→ Required work: Which lines in the records below contain the word "Inventor"? Return each of them.

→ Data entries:

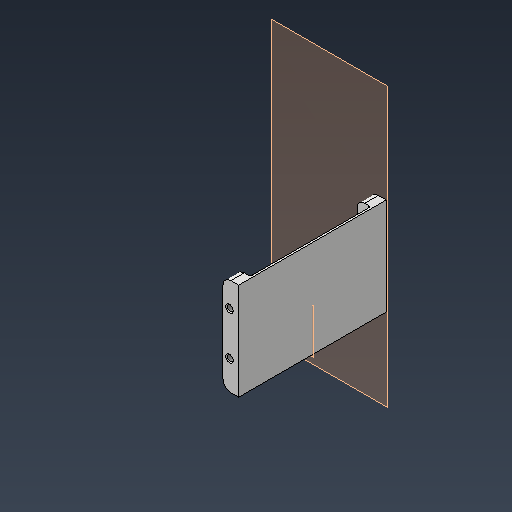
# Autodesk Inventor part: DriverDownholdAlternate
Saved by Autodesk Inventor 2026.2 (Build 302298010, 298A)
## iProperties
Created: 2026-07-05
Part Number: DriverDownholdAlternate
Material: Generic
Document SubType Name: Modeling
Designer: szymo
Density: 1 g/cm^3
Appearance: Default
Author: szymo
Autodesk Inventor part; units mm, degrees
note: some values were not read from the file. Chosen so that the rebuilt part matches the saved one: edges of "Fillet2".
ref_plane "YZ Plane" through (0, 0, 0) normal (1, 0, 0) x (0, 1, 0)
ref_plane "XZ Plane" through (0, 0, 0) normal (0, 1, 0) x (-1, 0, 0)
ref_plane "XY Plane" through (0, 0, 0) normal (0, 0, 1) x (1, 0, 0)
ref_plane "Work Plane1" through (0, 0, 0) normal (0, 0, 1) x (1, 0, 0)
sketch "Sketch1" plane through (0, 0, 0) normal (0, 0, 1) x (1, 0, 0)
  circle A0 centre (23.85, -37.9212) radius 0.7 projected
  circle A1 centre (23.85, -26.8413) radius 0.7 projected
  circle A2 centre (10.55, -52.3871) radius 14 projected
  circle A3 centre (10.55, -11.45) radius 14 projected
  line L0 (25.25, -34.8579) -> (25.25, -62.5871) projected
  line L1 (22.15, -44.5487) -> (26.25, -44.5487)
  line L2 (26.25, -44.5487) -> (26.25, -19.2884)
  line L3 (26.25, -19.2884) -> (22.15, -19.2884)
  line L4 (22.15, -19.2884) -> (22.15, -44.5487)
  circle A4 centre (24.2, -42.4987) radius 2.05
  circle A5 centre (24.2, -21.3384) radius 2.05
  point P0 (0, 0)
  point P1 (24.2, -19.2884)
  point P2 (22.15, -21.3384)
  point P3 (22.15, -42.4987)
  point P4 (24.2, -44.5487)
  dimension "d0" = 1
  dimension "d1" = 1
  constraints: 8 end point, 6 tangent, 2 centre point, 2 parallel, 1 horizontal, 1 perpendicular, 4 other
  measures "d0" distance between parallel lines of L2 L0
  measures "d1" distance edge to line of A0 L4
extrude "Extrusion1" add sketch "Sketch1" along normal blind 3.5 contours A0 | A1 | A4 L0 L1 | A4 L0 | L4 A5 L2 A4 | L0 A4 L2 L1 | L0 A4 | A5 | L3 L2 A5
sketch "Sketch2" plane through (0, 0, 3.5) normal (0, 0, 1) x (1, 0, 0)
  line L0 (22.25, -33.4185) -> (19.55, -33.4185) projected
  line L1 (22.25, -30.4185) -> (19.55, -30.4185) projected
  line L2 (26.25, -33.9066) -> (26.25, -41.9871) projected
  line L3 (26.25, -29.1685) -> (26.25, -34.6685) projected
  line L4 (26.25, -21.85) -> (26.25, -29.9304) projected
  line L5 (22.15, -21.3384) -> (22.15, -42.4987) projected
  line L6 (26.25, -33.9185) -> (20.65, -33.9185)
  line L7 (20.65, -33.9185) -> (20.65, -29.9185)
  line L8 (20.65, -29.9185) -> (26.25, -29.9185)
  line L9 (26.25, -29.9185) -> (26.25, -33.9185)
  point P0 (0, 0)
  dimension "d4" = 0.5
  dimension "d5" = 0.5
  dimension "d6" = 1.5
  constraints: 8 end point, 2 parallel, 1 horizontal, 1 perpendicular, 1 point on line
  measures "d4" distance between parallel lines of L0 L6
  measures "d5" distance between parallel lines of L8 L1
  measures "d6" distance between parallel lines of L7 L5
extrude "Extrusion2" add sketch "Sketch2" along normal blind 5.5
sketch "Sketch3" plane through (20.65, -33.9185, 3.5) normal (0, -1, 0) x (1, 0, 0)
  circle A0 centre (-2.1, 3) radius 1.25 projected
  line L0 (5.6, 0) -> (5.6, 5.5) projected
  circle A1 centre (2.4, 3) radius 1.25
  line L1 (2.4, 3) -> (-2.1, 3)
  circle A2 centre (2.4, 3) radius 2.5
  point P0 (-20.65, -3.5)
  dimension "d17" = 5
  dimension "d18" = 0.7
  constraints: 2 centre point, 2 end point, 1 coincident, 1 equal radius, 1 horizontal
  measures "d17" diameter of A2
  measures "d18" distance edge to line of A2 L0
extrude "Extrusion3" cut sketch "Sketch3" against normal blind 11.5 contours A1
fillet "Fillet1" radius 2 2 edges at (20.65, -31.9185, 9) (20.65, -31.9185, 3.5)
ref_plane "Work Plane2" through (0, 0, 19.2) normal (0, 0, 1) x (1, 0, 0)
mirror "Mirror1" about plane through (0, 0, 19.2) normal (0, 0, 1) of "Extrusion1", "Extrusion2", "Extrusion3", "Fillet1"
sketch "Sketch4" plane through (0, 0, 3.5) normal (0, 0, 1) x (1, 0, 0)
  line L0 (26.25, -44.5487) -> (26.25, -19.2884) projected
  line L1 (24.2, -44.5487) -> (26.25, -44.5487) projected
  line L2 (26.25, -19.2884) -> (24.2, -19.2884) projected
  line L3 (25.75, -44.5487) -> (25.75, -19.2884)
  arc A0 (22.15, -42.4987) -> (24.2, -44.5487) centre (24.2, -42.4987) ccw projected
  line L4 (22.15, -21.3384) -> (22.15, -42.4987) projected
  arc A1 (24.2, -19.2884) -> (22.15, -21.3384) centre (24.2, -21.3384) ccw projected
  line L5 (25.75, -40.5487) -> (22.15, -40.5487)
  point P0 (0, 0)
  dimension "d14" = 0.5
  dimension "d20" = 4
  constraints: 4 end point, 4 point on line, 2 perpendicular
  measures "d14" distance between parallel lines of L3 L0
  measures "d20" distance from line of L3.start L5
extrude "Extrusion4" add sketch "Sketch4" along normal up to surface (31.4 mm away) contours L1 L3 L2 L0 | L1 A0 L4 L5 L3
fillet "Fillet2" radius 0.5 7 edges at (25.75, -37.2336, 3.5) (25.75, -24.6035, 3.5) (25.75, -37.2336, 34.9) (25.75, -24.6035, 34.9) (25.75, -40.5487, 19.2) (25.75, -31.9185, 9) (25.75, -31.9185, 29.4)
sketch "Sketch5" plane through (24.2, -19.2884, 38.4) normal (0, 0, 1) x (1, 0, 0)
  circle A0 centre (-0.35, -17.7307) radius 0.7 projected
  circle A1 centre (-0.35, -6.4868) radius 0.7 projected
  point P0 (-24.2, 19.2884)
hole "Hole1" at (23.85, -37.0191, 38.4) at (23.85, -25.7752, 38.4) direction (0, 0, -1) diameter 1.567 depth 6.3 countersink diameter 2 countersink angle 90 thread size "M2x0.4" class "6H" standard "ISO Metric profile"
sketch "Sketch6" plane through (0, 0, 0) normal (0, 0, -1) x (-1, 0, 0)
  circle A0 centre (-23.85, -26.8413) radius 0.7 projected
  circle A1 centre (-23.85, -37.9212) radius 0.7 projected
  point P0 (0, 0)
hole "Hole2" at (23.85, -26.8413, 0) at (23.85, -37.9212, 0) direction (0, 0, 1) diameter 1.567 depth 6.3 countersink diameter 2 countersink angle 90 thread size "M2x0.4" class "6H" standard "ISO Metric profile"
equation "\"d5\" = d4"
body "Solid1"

→ Result for this task:
# Autodesk Inventor part: DriverDownholdAlternate
Saved by Autodesk Inventor 2026.2 (Build 302298010, 298A)
Autodesk Inventor part; units mm, degrees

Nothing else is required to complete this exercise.